Based on the analysis of thread dump and heap dump the following cause has been
identified:
We have the following stacktrace for "read-hotness-tracker:1" thread
{code:java}
"read-hotness-tracker:1" daemon prio=5 tid=93 WAITING
at jdk.internal.misc.Unsafe.park(Native Method)
at java.util.concurrent.locks.LockSupport.park(LockSupport.java:323)
at
org.apache.cassandra.utils.concurrent.WaitQueue$Standard$AbstractSignal.await(WaitQueue.java:289)
local variable:
org.apache.cassandra.utils.concurrent.WaitQueue$Standard$SignalWithListener#2086139
at
org.apache.cassandra.utils.concurrent.WaitQueue$Standard$AbstractSignal.await(WaitQueue.java:282)
local variable:
org.apache.cassandra.utils.concurrent.WaitQueue$Standard$SignalWithListener#2086139
at
org.apache.cassandra.utils.concurrent.Awaitable$Defaults.awaitUninterruptibly(Awaitable.java:186)
local variable:
org.apache.cassandra.utils.concurrent.WaitQueue$Standard$SignalWithListener#2086139
at
org.apache.cassandra.utils.concurrent.Awaitable$AbstractAwaitable.awaitUninterruptibly(Awaitable.java:259)
at
org.apache.cassandra.db.commitlog.AbstractCommitLogService.awaitSyncAt(AbstractCommitLogService.java:324)
local variable:
org.apache.cassandra.db.commitlog.PeriodicCommitLogService#1
local variable: com.codahale.metrics.Timer$Context#2086795
at
org.apache.cassandra.db.commitlog.PeriodicCommitLogService.maybeWaitForSync(PeriodicCommitLogService.java:42)
local variable:
org.apache.cassandra.db.commitlog.PeriodicCommitLogService#1
at
org.apache.cassandra.db.commitlog.AbstractCommitLogService.finishWriteFor(AbstractCommitLogService.java:284)
local variable:
org.apache.cassandra.db.commitlog.PeriodicCommitLogService#1
at org.apache.cassandra.db.commitlog.CommitLog.add(CommitLog.java:307)

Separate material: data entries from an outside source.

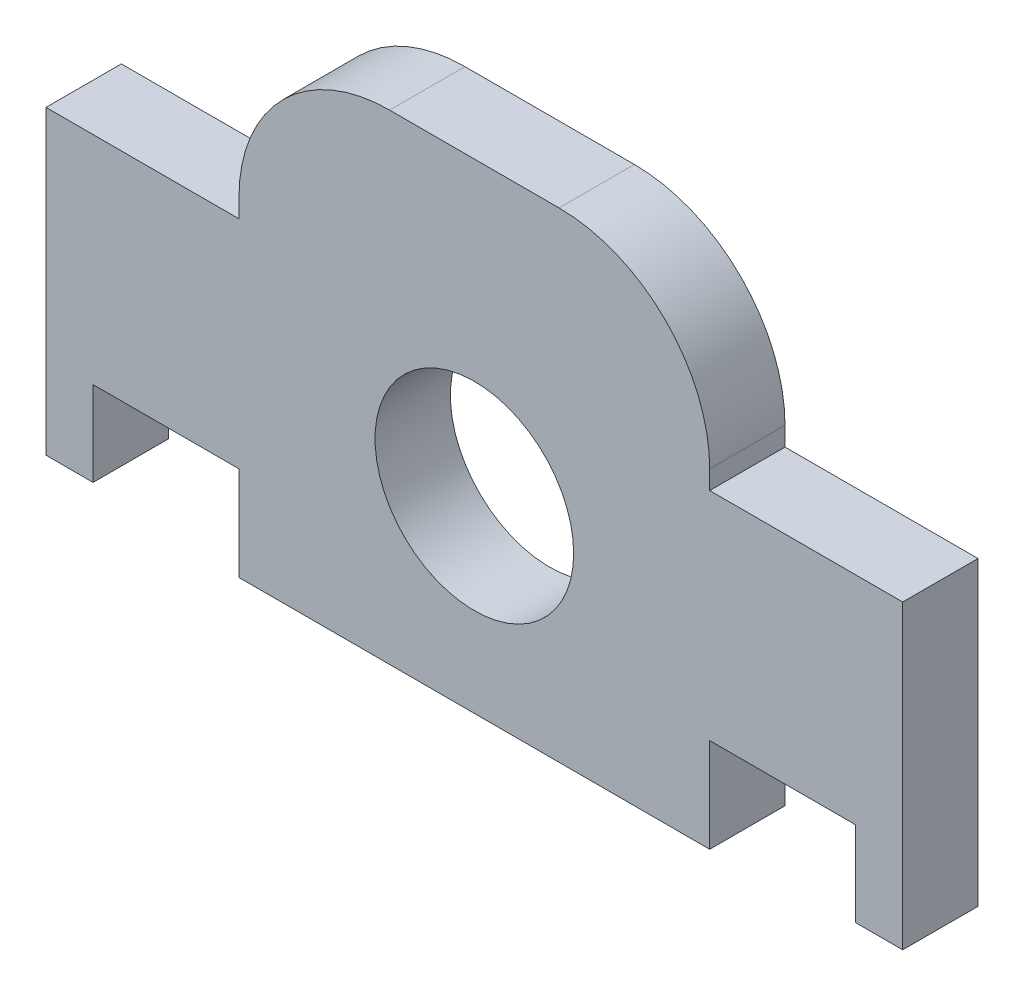
ISO-10303-21;
HEADER;
FILE_DESCRIPTION(('STEP AP214'),'2;1');
FILE_NAME('part.step','',(''),(''),'','','');
FILE_SCHEMA(('AUTOMOTIVE_DESIGN { 1 0 10303 214 1 1 1 1 }'));
ENDSEC;
DATA;
#1=APPLICATION_CONTEXT('core data for automotive mechanical design processes');
#2=APPLICATION_PROTOCOL_DEFINITION('international standard','automotive_design',2000,#1);
#3=PRODUCT_CONTEXT('',#1,'mechanical');
#4=PRODUCT('Part','Part','',(#3));
#5=PRODUCT_RELATED_PRODUCT_CATEGORY('part','',(#4));
#6=PRODUCT_DEFINITION_FORMATION('','',#4);
#7=PRODUCT_DEFINITION_CONTEXT('part definition',#1,'design');
#8=PRODUCT_DEFINITION('design','',#6,#7);
#9=PRODUCT_DEFINITION_SHAPE('','',#8);
#10=(LENGTH_UNIT() NAMED_UNIT(*) SI_UNIT(.MILLI.,.METRE.));
#11=(NAMED_UNIT(*) PLANE_ANGLE_UNIT() SI_UNIT($,.RADIAN.));
#12=(NAMED_UNIT(*) SI_UNIT($,.STERADIAN.) SOLID_ANGLE_UNIT());
#13=UNCERTAINTY_MEASURE_WITH_UNIT(LENGTH_MEASURE(1.E-05),#10,'distance_accuracy_value','');
#14=(GEOMETRIC_REPRESENTATION_CONTEXT(3) GLOBAL_UNCERTAINTY_ASSIGNED_CONTEXT((#13)) GLOBAL_UNIT_ASSIGNED_CONTEXT((#10,
#11,#12)) REPRESENTATION_CONTEXT('',''));
#15=CARTESIAN_POINT('',(0.,0.,0.));
#16=DIRECTION('',(0.,0.,1.));
#17=DIRECTION('',(1.,0.,0.));
#18=AXIS2_PLACEMENT_3D('',#15,#16,#17);
#19=CARTESIAN_POINT('',(0.,-37.205169628433,8.));
#20=DIRECTION('',(0.,1.,0.));
#21=DIRECTION('',(0.,0.,1.));
#22=AXIS2_PLACEMENT_3D('',#19,#20,#21);
#23=PLANE('',#22);
#24=DIRECTION('',(1.,0.,0.));
#25=VECTOR('',#24,1.);
#26=CARTESIAN_POINT('',(0.,-37.205169628433,8.));
#27=LINE('',#26,#25);
#28=CARTESIAN_POINT('',(-23.9256865912763,-37.205169628433,8.));
#29=VERTEX_POINT('',#28);
#30=CARTESIAN_POINT('',(26.0743134087237,-37.205169628433,8.));
#31=VERTEX_POINT('',#30);
#32=EDGE_CURVE('E315',#29,#31,#27,.T.);
#33=ORIENTED_EDGE('',*,*,#32,.F.);
#34=DIRECTION('',(0.,0.,1.));
#35=VECTOR('',#34,1.);
#36=CARTESIAN_POINT('',(-23.9256865912763,-37.205169628433,0.));
#37=LINE('',#36,#35);
#38=CARTESIAN_POINT('',(-23.9256865912763,-37.205169628433,0.));
#39=VERTEX_POINT('',#38);
#40=EDGE_CURVE('E279',#39,#29,#37,.T.);
#41=ORIENTED_EDGE('',*,*,#40,.F.);
#42=DIRECTION('',(1.,0.,0.));
#43=VECTOR('',#42,1.);
#44=CARTESIAN_POINT('',(0.,-37.205169628433,0.));
#45=LINE('',#44,#43);
#46=CARTESIAN_POINT('',(26.0743134087237,-37.205169628433,0.));
#47=VERTEX_POINT('',#46);
#48=EDGE_CURVE('E310',#39,#47,#45,.T.);
#49=ORIENTED_EDGE('',*,*,#48,.T.);
#50=DIRECTION('',(0.,0.,1.));
#51=VECTOR('',#50,1.);
#52=CARTESIAN_POINT('',(26.0743134087237,-37.205169628433,0.));
#53=LINE('',#52,#51);
#54=EDGE_CURVE('E242',#47,#31,#53,.T.);
#55=ORIENTED_EDGE('',*,*,#54,.T.);
#56=EDGE_LOOP('',(#33,#41,#49,#55));
#57=FACE_BOUND('',#56,.T.);
#58=ADVANCED_FACE('F44',(#57),#23,.F.);
#59=CARTESIAN_POINT('',(0.,13.794830371567,8.));
#60=DIRECTION('',(0.,1.,0.));
#61=DIRECTION('',(0.,0.,1.));
#62=AXIS2_PLACEMENT_3D('',#59,#60,#61);
#63=PLANE('',#62);
#64=DIRECTION('',(1.,0.,0.));
#65=VECTOR('',#64,1.);
#66=CARTESIAN_POINT('',(0.,13.794830371567,8.));
#67=LINE('',#66,#65);
#68=CARTESIAN_POINT('',(-7.92568659127614,13.794830371567,8.));
#69=VERTEX_POINT('',#68);
#70=CARTESIAN_POINT('',(10.0743134087236,13.794830371567,8.));
#71=VERTEX_POINT('',#70);
#72=EDGE_CURVE('E52',#69,#71,#67,.T.);
#73=ORIENTED_EDGE('',*,*,#72,.T.);
#74=DIRECTION('',(0.,0.,1.));
#75=VECTOR('',#74,1.);
#76=CARTESIAN_POINT('',(10.0743134087236,13.794830371567,0.));
#77=LINE('',#76,#75);
#78=CARTESIAN_POINT('',(10.0743134087236,13.794830371567,0.));
#79=VERTEX_POINT('',#78);
#80=EDGE_CURVE('E256',#79,#71,#77,.T.);
#81=ORIENTED_EDGE('',*,*,#80,.F.);
#82=DIRECTION('',(1.,0.,0.));
#83=VECTOR('',#82,1.);
#84=CARTESIAN_POINT('',(0.,13.794830371567,0.));
#85=LINE('',#84,#83);
#86=CARTESIAN_POINT('',(-7.92568659127614,13.794830371567,0.));
#87=VERTEX_POINT('',#86);
#88=EDGE_CURVE('E321',#87,#79,#85,.T.);
#89=ORIENTED_EDGE('',*,*,#88,.F.);
#90=DIRECTION('',(0.,0.,1.));
#91=VECTOR('',#90,1.);
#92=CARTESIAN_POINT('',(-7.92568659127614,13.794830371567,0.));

local variable: org.apache.cassandra.db.commitlog.CommitLog#1
local variable: org.apache.cassandra.io.util.DataOutputBuffer$1$1#61
local variable:
org.apache.cassandra.db.commitlog.CommitLogSegment$Allocation#1
at
org.apache.cassandra.db.CassandraKeyspaceWriteHandler.addToCommitLog(CassandraKeyspaceWriteHandler.java:100)
at
org.apache.cassandra.db.CassandraKeyspaceWriteHandler.beginWrite(CassandraKeyspaceWriteHandler.java:54)
local variable: org.apache.cassandra.utils.concurrent.OpOrder$Group#8162
at org.apache.cassandra.db.Keyspace.applyInternal(Keyspace.java:628)
local variable: org.apache.cassandra.db.Keyspace#8
local variable: org.apache.cassandra.db.Mutation#54491
at org.apache.cassandra.db.Keyspace.apply(Keyspace.java:512)
at org.apache.cassandra.db.Mutation.apply(Mutation.java:228)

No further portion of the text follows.